While output buffering will prevent premature sending of response contents, this does not affect headers. Consider this example:

<?php
    print("Hello world");
    header("Content-Type: text/plain");
?>

This script would result in the error Warning: Cannot modify header information - headers already sent by [...], and the header would not be set in our response. This is due to the nature of the HTTP protocol: it expects messages to begin with metadata, such as the HTTP status code indicating the success of the request, followed by headers that provide information about the type, size and language of the response data, among other things. After the headers comes a blank line followed by the actual response content. The HTTP protocol was not designed to provide headers out of order: once the response content starts, the response cannot switch back to providing more headers inbetween (this has been addressed to some extend in recent years through the addition of trailing headers, we will ignore those for simplicity).
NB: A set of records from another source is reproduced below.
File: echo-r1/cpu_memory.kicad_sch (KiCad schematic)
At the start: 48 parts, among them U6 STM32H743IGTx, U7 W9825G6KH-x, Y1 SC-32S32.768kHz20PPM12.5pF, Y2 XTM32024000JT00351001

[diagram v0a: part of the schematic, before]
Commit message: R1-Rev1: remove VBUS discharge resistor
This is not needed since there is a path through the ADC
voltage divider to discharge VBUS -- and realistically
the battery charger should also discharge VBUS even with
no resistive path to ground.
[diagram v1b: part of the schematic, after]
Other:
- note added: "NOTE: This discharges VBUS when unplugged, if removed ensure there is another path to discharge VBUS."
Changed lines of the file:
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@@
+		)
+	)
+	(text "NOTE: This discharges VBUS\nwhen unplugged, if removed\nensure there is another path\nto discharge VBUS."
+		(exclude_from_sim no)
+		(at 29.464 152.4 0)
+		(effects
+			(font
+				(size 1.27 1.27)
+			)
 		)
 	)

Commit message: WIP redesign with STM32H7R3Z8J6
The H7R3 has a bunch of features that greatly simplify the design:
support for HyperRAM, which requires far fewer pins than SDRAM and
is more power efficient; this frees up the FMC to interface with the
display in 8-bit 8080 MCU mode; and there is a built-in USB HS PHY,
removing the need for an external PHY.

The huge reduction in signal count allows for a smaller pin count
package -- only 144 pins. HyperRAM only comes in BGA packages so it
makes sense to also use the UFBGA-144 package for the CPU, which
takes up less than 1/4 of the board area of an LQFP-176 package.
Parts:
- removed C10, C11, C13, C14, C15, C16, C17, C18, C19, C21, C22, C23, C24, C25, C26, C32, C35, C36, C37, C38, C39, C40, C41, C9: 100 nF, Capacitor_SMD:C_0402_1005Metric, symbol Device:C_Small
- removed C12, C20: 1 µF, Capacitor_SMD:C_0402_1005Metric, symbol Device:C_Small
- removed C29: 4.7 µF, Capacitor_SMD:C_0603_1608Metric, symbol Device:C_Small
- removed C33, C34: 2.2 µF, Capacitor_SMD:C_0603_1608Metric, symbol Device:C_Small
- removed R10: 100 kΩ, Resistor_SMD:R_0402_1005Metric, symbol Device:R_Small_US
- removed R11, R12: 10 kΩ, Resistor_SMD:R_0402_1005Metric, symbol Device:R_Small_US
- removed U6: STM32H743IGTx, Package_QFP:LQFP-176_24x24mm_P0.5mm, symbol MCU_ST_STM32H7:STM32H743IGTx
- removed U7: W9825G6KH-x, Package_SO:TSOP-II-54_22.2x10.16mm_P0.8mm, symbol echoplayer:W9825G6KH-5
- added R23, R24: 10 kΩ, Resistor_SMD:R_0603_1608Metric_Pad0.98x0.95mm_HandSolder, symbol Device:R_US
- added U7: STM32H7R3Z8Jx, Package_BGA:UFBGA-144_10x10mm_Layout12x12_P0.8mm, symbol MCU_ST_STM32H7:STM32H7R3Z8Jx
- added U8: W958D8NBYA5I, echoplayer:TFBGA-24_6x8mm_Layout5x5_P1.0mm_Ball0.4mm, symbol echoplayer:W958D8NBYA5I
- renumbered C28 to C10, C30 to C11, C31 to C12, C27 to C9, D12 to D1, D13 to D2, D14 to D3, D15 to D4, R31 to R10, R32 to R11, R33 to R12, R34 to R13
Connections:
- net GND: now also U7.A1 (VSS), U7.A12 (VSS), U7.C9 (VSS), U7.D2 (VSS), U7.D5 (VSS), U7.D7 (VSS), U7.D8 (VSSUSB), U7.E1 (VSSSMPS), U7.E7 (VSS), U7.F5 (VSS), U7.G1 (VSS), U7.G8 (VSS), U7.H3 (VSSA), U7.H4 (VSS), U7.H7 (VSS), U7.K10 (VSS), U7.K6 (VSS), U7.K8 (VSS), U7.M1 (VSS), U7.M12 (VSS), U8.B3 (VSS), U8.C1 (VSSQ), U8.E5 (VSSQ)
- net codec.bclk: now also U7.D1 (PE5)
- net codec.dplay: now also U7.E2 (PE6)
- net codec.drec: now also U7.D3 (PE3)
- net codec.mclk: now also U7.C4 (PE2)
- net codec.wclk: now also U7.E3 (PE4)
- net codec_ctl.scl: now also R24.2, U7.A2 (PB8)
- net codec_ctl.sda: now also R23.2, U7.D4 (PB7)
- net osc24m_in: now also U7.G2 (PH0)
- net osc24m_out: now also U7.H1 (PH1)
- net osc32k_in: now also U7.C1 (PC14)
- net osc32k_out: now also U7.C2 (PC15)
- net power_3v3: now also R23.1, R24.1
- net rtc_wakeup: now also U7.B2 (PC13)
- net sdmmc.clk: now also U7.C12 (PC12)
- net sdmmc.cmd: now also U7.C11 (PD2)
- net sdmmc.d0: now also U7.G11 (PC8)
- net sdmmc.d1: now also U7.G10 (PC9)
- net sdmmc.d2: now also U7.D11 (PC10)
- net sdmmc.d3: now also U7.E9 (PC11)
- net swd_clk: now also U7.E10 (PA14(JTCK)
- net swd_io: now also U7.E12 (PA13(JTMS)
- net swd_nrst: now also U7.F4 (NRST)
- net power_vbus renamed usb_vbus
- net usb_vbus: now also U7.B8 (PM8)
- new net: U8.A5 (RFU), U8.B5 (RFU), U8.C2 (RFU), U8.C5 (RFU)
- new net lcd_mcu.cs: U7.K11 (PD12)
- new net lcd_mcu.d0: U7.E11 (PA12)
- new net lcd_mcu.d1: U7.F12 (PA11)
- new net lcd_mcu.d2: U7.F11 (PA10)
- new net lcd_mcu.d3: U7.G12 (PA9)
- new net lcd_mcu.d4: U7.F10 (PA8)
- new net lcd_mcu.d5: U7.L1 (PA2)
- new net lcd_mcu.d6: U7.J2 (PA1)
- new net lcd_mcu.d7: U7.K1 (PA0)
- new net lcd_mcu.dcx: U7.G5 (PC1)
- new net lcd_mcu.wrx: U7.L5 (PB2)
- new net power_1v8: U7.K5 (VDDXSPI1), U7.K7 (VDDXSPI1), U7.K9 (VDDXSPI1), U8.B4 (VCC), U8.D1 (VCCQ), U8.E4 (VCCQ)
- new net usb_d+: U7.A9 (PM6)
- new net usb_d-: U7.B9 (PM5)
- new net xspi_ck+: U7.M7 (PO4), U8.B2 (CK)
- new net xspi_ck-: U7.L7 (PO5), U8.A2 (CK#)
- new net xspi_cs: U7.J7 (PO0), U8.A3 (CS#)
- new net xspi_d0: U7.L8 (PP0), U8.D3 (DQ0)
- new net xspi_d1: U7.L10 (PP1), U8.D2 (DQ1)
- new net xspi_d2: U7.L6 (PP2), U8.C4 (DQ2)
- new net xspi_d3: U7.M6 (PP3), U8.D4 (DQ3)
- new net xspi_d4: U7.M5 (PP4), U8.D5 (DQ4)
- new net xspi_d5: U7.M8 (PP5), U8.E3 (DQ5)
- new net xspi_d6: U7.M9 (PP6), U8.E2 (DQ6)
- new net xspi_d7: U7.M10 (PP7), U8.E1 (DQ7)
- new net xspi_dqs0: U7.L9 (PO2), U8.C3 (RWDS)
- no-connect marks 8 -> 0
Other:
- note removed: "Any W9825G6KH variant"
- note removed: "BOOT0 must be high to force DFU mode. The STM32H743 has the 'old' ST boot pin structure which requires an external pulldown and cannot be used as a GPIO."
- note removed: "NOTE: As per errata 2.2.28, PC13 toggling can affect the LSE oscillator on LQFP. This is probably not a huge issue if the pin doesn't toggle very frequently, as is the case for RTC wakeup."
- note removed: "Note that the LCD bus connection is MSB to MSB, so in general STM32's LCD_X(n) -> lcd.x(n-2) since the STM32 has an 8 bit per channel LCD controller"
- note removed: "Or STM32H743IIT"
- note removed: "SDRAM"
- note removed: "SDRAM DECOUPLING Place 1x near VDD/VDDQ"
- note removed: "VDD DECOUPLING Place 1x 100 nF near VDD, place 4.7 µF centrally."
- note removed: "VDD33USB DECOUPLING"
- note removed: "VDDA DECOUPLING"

Output buffering can help mitigate this situation, by ensuring no content is sent before all headers had a chance:

<?php
    // start output buffering
    ob_start();

    // is stored in buffer, not sent yet
    print("Hello world");

    // headers are not buffered, so this gets send immediately
    header("Content-Type: text/plain");

    // now the print gets send too
    ob_flush();
?>

Now that the output buffer has delayed the writing of the print() function until after the header() function, the execution order is correct again and the previous error does not show up anymore.

Preventing incomplete pages on errors

By default, an error in a PHP script will stop execution at the point it occurred, allowing a partial response to be sent to the user.

Consider this example:

<?php
    // set custom exception handler
    set_exception_handler(function($e){
        print($e->getMessage());
    });

    // will be displayed
    print("Hello ");

    // simulate an error
    throw new Exception("Something went wrong!");

    // will not be displayed
    print("World");
?>

The script returns the partial result Hello Something went wrong!, where the first print() call is visible to the user, but the second isn't. Output buffering is commonly used to mitigate this partial response, by buffering the page and replacing it with an error page if something goes wrong:

<?php
    // set custom exception handler
    set_exception_handler(function($e){
        // turn off output buffering and delete buffered content
        ob_end_clean();
        print($e->getMessage());
    });

    // enable output buffering
    ob_start();

    // written to output buffer
    print("Hello ");

    // simulate an error
    throw new Exception("Something went wrong!");

    // cannot be reached because of error
    print("World");

    ob_flush();
?>

Now only the custom error handler's output is shown, and the previous half-rendered page gets discarded.

When used properly, output buffering can be a powerful tool, enabling developers to build more flexible and robust web applications. While it's advantages are desirable, it is important to remember it's drawbacks and turn it off for larger response contents to ensure scripts don't use system memory excessively.